07-29-2024 | By Jeff Day |

Comparison by Contrast Listening

This is the type of listening session that gets into one of the types of listening I do as part of my audio reviewing, and for voicing my audio and A-V systems. It’s evaluative, analytical, and illuminating. It can be tedious or fun depending on your disposition. 

I credit this idea to Peter Qvortrup. When Peter and his team of audio engineers are voicing equipment they pick out a long series of albums to listen to, any albums, of any fidelity, of any genre, of any recording era. 

Peter's home listening room.

How well does the component or audio system bring to the forefront the musical message for any random album I play? Are some albums unpleasant because they are harsh? What needs to change to improve playability across a broad spectrum of albums, while still providing maximum fidelity, and maximum engagement with the music?

The goal is to develop a component or system voicing that provides broad spectrum playability of albums, delivering the maximum fidelity any given album is capable of, while emphasizing the nature of the musical performances the artists intended you to experience. 

Listening For Audio Spectrum Traits

This is another type of listening session I do when reviewing, or when voicing one of my audio or A-V systems. Again, it’s evaluative, analytical, and illuminating in nature. It can be tedious or fun depending on your disposition. 

The idea is to listen to what is going on in the music in the seven frequency bands of the audio spectrum: the sub-bass (20 to 60 Hz), bass (60 to 250 Hz), low midrange (250 to 500 Hz), midrange (500 Hz to 2 kHz), upper midrange (2 to 4 kHz), presence region (4 kHz to 6 kHz), and the brilliance region (6 kHz to 20 kHz). 

There are certain signature traits in those regions that tell you about what is going on in any given album, audio system, with a component, or an audio accessory. 

The Teach Me Audio website has a very useful primer on this topic. Remember when you are looking at their examples, that they are talking about mastering an album, but those same examples will tell you a lot about what your audio system is doing as well. Sometimes what you hear in a given regions will tell you about the influence of your room on your audio system, or your cables, or your components, etc., and sometimes it just boils down to your preferences.

For example: Does the bass region sound natural or boomy? Does the low midrange have natural sounding clarity, or does it sound muffled? Does the midrange sound natural or fatiguing? Does the timbre of instruments sound correct in the upper midrange or not? Does the presence region sound natural, or irritating or harsh? Does the brilliance region have natural sparkle and air, or does it sound “hi-fi” and fatiguing?

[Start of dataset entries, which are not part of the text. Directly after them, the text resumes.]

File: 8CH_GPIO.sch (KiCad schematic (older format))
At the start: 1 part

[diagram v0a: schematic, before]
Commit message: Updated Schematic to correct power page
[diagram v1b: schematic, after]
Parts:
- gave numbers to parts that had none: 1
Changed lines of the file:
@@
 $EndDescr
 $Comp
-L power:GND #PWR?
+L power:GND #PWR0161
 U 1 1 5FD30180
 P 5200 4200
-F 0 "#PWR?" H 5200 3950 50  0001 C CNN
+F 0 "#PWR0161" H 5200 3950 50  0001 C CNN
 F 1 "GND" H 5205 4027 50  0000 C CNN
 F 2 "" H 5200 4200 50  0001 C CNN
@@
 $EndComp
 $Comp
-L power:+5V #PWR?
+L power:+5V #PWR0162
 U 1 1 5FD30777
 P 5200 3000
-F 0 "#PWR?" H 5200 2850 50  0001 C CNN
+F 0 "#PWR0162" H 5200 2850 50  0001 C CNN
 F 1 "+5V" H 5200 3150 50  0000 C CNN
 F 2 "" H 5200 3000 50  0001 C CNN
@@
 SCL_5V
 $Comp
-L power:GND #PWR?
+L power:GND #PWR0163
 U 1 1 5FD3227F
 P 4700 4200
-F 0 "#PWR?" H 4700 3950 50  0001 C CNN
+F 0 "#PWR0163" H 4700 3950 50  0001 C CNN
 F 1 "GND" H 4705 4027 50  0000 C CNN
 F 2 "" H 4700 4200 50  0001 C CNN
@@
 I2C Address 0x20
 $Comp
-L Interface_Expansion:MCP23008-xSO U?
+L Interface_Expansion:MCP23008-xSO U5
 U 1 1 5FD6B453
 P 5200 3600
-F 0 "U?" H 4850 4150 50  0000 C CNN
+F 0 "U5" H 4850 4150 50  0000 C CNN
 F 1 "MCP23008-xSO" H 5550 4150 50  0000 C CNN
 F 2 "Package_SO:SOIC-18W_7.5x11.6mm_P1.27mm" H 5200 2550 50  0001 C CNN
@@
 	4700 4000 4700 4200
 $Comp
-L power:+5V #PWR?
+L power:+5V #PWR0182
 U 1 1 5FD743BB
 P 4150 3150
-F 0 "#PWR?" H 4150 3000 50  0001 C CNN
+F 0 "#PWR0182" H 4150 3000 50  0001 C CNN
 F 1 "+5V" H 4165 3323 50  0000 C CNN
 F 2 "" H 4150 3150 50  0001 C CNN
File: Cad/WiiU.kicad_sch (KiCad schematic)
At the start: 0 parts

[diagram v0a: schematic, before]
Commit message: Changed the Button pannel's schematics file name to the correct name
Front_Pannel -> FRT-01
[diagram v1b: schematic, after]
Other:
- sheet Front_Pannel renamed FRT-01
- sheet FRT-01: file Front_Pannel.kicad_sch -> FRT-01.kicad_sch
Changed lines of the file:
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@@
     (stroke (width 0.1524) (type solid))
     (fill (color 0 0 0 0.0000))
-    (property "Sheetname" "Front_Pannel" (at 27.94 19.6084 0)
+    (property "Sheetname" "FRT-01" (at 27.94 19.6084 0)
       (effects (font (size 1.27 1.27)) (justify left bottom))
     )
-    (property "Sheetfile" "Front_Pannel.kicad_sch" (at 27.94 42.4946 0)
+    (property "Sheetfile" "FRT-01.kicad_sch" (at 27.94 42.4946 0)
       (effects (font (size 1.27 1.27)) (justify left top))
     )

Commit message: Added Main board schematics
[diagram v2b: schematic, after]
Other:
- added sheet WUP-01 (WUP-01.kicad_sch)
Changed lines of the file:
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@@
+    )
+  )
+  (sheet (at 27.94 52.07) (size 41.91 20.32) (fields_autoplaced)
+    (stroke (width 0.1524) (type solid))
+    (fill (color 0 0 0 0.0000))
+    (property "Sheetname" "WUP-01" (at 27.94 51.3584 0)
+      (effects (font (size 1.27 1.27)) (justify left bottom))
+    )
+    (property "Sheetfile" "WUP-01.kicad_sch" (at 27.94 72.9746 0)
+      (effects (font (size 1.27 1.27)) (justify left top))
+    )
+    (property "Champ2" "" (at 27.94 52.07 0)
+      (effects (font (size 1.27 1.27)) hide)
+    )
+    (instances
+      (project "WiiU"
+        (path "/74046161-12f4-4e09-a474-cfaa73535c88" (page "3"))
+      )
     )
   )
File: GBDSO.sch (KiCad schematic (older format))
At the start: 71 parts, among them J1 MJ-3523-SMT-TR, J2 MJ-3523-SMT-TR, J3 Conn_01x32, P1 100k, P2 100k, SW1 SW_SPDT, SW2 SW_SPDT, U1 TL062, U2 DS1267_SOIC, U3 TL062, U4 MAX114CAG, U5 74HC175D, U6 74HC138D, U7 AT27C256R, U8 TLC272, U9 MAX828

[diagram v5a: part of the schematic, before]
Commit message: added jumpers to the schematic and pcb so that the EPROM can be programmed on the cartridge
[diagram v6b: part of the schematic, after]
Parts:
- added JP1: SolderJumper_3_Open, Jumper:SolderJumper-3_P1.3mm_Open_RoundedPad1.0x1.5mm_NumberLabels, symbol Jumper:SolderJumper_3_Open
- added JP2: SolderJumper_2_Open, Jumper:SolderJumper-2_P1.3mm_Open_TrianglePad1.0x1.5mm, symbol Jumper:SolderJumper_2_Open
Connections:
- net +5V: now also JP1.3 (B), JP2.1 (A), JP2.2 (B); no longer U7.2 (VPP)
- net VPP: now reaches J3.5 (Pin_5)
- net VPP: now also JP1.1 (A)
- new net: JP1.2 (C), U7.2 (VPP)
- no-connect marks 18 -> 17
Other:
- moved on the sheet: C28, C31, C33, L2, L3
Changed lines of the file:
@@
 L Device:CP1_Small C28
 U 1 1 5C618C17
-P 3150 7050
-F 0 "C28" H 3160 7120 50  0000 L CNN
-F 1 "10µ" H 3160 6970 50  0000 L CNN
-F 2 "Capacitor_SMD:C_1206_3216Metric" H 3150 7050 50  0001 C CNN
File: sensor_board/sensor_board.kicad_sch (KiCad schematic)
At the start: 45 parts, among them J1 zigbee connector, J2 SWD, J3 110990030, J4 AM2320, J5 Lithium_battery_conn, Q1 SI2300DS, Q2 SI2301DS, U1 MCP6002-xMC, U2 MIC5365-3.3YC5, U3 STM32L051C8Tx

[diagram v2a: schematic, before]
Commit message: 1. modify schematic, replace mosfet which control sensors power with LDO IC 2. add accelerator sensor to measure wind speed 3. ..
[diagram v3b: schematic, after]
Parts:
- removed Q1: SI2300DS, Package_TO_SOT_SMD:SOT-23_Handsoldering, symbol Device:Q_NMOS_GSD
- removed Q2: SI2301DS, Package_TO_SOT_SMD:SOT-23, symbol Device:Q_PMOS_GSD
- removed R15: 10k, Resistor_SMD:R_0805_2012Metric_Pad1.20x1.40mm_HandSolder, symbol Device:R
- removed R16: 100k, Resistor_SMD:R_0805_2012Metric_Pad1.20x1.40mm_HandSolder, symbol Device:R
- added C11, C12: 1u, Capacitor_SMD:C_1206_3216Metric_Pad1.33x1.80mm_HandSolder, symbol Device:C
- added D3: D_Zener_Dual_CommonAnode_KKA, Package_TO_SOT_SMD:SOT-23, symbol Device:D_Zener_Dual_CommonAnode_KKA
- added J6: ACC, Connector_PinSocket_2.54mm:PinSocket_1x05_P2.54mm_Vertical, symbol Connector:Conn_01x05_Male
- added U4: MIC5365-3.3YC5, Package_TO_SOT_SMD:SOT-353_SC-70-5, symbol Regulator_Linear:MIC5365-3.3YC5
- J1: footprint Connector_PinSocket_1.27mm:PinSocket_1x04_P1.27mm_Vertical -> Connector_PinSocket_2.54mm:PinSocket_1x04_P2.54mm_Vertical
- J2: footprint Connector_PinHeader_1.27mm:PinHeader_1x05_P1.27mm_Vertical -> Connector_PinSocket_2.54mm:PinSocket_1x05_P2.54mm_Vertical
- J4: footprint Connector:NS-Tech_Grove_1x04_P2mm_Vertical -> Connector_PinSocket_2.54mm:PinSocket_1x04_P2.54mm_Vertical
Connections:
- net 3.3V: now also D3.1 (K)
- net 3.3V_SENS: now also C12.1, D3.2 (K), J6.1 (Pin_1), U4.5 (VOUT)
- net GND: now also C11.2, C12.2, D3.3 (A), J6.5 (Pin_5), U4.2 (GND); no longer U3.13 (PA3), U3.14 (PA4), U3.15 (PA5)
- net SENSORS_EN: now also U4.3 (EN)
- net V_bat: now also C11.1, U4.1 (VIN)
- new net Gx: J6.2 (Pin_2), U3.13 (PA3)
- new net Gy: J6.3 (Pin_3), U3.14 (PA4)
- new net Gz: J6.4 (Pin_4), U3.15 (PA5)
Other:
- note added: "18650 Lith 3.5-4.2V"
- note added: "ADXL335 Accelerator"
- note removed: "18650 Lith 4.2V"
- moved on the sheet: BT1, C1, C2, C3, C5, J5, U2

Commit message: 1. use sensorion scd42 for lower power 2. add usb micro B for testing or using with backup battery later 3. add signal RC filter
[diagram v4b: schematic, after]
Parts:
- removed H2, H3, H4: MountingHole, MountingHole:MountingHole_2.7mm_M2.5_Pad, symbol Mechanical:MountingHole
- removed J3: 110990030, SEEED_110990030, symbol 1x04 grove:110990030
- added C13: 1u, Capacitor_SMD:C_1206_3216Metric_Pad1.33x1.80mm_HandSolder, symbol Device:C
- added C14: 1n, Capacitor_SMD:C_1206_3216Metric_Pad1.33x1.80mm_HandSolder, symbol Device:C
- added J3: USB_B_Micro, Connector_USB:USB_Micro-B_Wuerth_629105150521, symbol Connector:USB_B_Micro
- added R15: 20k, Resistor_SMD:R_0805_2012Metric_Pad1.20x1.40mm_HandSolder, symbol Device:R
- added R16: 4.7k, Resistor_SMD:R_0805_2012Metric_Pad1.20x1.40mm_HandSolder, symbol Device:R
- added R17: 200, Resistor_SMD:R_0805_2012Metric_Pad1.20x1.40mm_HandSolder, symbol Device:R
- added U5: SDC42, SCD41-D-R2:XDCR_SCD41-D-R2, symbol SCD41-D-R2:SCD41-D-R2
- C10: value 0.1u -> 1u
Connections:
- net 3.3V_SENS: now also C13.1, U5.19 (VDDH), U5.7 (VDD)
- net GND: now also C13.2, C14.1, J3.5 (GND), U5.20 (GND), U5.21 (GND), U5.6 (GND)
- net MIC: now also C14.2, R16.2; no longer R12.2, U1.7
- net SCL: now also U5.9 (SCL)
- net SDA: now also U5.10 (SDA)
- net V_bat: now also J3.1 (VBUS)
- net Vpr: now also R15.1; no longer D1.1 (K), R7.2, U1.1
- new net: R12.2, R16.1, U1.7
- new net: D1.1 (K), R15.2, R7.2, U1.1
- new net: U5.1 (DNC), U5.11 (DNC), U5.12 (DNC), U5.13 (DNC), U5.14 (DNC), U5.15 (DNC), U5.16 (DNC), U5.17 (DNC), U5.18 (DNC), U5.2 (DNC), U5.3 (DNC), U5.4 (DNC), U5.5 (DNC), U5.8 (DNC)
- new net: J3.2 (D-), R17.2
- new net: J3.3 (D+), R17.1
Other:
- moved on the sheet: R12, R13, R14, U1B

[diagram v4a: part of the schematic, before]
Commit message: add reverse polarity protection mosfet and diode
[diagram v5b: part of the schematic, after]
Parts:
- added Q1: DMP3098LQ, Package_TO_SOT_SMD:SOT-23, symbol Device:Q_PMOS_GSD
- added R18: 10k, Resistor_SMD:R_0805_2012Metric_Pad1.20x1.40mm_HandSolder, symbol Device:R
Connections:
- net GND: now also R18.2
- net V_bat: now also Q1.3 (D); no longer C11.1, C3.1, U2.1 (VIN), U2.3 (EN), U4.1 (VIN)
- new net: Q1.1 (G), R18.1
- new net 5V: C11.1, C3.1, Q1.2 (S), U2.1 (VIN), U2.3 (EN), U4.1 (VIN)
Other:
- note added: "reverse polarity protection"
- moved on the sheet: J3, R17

Each one of those traits can tell you something about your audio system’s performance, but one thing you’ll want to keep in mind is that albums vary all over the place in their mastering and recording quality. So when you hear what is preferred or unpreferred in a given frequency band, it may not be something going on with your audio system, or a component, or an accessory. It might be the album. 

That’s why you’ll want to listen to a lot of different albums of varying fidelity and mastering quality with the ‘comparison by contrast’ method, then note where the strengths and weaknesses are showing up. 

If an unpreferred sonic trait in a frequency band shows up in every album you play, it’s probably something that needs adjusting in your audio system. If a frequency band trait varies from album to album, then it’s likely an anomaly in the recording or mastering of the album you are hearing, and not your audio system. 

Sometimes it’s in the album, and sometimes it's in the equipment, and you’ll need to sort out which it is to arrive at the overall system voicing you desire.